_WHAT THIS TASK INVOLVES_: Write out again, exactly, the lines below starting at the one with "blk.add_arc((151246.9, 82979.9), 100, start, end, dxfattribs=at)" and ending at the one with "blk = doc.blocks.new('M_Rec Elbow - Radius - 0_75W-V209-FIRST".

Stored data entries:
▬▬▬▬▬▬▬▬▬▬
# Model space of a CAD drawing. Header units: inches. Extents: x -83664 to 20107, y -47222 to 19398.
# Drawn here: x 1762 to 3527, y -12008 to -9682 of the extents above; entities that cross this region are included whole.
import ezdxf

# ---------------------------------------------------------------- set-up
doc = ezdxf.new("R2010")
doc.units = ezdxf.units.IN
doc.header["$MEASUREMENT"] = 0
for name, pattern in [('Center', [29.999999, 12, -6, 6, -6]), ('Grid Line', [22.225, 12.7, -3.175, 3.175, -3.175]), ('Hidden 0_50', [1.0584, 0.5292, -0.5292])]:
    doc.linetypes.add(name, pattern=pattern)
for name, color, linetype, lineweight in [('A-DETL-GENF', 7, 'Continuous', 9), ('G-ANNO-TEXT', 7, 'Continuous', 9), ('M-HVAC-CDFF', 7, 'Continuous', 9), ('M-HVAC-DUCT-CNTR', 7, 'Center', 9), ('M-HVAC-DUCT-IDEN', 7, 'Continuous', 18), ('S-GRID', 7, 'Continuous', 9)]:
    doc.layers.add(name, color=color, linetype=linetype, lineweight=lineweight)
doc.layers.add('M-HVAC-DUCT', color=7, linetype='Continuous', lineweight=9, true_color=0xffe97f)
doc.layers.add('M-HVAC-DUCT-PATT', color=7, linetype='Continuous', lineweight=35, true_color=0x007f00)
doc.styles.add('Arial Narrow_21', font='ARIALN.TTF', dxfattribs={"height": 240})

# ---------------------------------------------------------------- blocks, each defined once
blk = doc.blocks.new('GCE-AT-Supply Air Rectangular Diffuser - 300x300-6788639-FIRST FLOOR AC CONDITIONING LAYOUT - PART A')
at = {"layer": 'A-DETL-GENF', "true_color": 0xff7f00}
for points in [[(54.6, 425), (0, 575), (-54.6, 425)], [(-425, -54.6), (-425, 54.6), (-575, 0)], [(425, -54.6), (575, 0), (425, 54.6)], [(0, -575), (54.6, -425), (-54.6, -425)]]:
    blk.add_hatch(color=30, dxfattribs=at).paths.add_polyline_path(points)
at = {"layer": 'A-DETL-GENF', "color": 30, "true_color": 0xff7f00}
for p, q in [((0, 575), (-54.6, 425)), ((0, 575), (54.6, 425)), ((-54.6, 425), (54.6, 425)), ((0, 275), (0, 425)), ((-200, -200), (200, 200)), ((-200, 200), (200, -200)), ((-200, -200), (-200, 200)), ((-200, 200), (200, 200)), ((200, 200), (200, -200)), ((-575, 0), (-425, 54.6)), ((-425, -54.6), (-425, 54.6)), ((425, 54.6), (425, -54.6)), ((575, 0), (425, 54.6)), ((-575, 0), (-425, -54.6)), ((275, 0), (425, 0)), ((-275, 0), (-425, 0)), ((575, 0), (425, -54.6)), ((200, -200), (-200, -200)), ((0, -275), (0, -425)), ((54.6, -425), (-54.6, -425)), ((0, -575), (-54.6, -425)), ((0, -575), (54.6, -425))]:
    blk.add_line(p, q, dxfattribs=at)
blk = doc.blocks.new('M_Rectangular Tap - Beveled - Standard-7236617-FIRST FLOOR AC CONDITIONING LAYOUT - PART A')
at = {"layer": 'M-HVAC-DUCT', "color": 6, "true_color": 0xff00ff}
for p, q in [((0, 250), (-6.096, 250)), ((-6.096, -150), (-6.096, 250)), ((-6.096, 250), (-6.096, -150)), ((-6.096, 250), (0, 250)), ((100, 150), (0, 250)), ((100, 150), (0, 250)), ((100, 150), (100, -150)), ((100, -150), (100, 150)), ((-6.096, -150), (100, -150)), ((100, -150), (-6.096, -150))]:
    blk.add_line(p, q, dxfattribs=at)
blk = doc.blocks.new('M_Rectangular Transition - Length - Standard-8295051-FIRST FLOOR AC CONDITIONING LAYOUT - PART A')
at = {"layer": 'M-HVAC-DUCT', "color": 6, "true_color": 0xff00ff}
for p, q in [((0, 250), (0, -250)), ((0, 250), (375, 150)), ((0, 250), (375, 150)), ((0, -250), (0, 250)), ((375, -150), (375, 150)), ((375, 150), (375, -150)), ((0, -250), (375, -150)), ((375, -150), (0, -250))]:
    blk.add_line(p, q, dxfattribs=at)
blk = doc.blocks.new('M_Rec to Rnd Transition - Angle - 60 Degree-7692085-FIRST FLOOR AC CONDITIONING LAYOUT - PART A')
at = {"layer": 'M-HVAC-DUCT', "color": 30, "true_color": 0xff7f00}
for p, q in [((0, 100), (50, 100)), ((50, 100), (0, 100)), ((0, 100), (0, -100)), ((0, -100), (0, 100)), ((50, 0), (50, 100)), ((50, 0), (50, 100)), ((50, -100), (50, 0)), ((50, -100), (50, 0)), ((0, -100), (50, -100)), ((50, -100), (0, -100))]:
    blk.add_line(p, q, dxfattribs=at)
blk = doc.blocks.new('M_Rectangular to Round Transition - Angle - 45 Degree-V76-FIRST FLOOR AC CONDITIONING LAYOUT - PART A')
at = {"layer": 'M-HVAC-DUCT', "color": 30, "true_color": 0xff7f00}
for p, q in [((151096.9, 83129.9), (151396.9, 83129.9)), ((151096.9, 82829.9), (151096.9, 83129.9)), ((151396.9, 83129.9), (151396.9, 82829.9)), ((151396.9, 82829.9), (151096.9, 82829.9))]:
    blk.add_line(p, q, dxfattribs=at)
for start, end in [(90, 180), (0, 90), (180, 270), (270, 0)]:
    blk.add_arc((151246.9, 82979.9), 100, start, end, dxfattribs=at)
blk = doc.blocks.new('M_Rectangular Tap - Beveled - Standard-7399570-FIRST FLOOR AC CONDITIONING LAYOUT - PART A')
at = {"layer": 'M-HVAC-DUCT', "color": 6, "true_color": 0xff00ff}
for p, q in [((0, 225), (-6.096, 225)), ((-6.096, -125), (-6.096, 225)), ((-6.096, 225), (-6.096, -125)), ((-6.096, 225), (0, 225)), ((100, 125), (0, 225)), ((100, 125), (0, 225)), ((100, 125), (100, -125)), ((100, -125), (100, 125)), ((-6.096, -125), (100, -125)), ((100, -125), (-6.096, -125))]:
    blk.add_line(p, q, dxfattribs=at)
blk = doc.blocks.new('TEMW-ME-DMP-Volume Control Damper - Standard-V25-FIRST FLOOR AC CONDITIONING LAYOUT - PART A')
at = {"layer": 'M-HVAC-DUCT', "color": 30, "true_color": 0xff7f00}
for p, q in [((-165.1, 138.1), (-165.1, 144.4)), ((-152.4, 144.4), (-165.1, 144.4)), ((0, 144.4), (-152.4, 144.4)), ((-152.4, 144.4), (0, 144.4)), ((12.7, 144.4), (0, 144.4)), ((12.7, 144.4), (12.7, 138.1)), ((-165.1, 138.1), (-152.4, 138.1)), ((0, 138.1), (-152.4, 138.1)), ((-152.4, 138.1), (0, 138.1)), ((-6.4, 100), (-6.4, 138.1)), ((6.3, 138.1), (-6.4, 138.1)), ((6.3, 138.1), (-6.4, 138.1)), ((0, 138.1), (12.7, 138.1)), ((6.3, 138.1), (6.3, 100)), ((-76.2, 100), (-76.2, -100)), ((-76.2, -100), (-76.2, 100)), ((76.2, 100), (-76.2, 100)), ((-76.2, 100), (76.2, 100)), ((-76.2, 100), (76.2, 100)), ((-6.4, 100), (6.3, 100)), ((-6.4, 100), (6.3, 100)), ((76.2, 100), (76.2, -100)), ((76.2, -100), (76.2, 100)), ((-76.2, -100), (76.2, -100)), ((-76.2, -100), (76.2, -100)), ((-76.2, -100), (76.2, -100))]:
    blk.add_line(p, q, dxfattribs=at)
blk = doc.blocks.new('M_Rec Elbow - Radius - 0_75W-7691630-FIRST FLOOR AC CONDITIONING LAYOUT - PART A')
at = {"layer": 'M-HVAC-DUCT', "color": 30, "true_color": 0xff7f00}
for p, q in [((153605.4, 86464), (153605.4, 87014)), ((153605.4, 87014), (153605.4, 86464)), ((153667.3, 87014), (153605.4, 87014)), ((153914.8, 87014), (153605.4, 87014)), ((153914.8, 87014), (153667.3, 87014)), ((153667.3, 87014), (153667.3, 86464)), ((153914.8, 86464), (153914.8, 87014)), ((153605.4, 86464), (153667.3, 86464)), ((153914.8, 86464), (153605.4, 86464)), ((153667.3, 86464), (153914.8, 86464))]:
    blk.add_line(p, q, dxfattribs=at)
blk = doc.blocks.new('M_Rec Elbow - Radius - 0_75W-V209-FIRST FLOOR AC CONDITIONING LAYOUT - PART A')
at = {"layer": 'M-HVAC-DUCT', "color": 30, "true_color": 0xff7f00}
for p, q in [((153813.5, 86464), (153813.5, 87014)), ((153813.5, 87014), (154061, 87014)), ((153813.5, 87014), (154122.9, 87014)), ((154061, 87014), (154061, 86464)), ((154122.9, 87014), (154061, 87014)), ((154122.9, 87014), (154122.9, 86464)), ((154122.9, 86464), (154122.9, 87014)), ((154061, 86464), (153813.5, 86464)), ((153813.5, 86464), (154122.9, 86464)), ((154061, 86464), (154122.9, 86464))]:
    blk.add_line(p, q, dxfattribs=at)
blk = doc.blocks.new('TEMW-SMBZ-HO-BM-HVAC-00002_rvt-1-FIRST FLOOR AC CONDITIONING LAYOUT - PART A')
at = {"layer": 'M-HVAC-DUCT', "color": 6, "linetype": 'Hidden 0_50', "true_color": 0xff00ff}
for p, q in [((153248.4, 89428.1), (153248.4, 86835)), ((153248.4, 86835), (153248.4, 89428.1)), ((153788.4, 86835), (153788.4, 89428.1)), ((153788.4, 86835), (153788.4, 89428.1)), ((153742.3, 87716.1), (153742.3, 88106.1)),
▬▬▬▬▬▬▬▬▬▬
_SOLUTION FOR THIS PROBLEM_:
    blk.add_arc((151246.9, 82979.9), 100, start, end, dxfattribs=at)
blk = doc.blocks.new('M_Rectangular Tap - Beveled - Standard-7399570-FIRST FLOOR AC CONDITIONING LAYOUT - PART A')
at = {"layer": 'M-HVAC-DUCT', "color": 6, "true_color": 0xff00ff}
for p, q in [((0, 225), (-6.096, 225)), ((-6.096, -125), (-6.096, 225)), ((-6.096, 225), (-6.096, -125)), ((-6.096, 225), (0, 225)), ((100, 125), (0, 225)), ((100, 125), (0, 225)), ((100, 125), (100, -125)), ((100, -125), (100, 125)), ((-6.096, -125), (100, -125)), ((100, -125), (-6.096, -125))]:
    blk.add_line(p, q, dxfattribs=at)
blk = doc.blocks.new('TEMW-ME-DMP-Volume Control Damper - Standard-V25-FIRST FLOOR AC CONDITIONING LAYOUT - PART A')
at = {"layer": 'M-HVAC-DUCT', "color": 30, "true_color": 0xff7f00}
for p, q in [((-165.1, 138.1), (-165.1, 144.4)), ((-152.4, 144.4), (-165.1, 144.4)), ((0, 144.4), (-152.4, 144.4)), ((-152.4, 144.4), (0, 144.4)), ((12.7, 144.4), (0, 144.4)), ((12.7, 144.4), (12.7, 138.1)), ((-165.1, 138.1), (-152.4, 138.1)), ((0, 138.1), (-152.4, 138.1)), ((-152.4, 138.1), (0, 138.1)), ((-6.4, 100), (-6.4, 138.1)), ((6.3, 138.1), (-6.4, 138.1)), ((6.3, 138.1), (-6.4, 138.1)), ((0, 138.1), (12.7, 138.1)), ((6.3, 138.1), (6.3, 100)), ((-76.2, 100), (-76.2, -100)), ((-76.2, -100), (-76.2, 100)), ((76.2, 100), (-76.2, 100)), ((-76.2, 100), (76.2, 100)), ((-76.2, 100), (76.2, 100)), ((-6.4, 100), (6.3, 100)), ((-6.4, 100), (6.3, 100)), ((76.2, 100), (76.2, -100)), ((76.2, -100), (76.2, 100)), ((-76.2, -100), (76.2, -100)), ((-76.2, -100), (76.2, -100)), ((-76.2, -100), (76.2, -100))]:
    blk.add_line(p, q, dxfattribs=at)
blk = doc.blocks.new('M_Rec Elbow - Radius - 0_75W-7691630-FIRST FLOOR AC CONDITIONING LAYOUT - PART A')
at = {"layer": 'M-HVAC-DUCT', "color": 30, "true_color": 0xff7f00}
for p, q in [((153605.4, 86464), (153605.4, 87014)), ((153605.4, 87014), (153605.4, 86464)), ((153667.3, 87014), (153605.4, 87014)), ((153914.8, 87014), (153605.4, 87014)), ((153914.8, 87014), (153667.3, 87014)), ((153667.3, 87014), (153667.3, 86464)), ((153914.8, 86464), (153914.8, 87014)), ((153605.4, 86464), (153667.3, 86464)), ((153914.8, 86464), (153605.4, 86464)), ((153667.3, 86464), (153914.8, 86464))]:
    blk.add_line(p, q, dxfattribs=at)
blk = doc.blocks.new('M_Rec Elbow - Radius - 0_75W-V209-FIRST FLOOR AC CONDITIONING LAYOUT - PART A')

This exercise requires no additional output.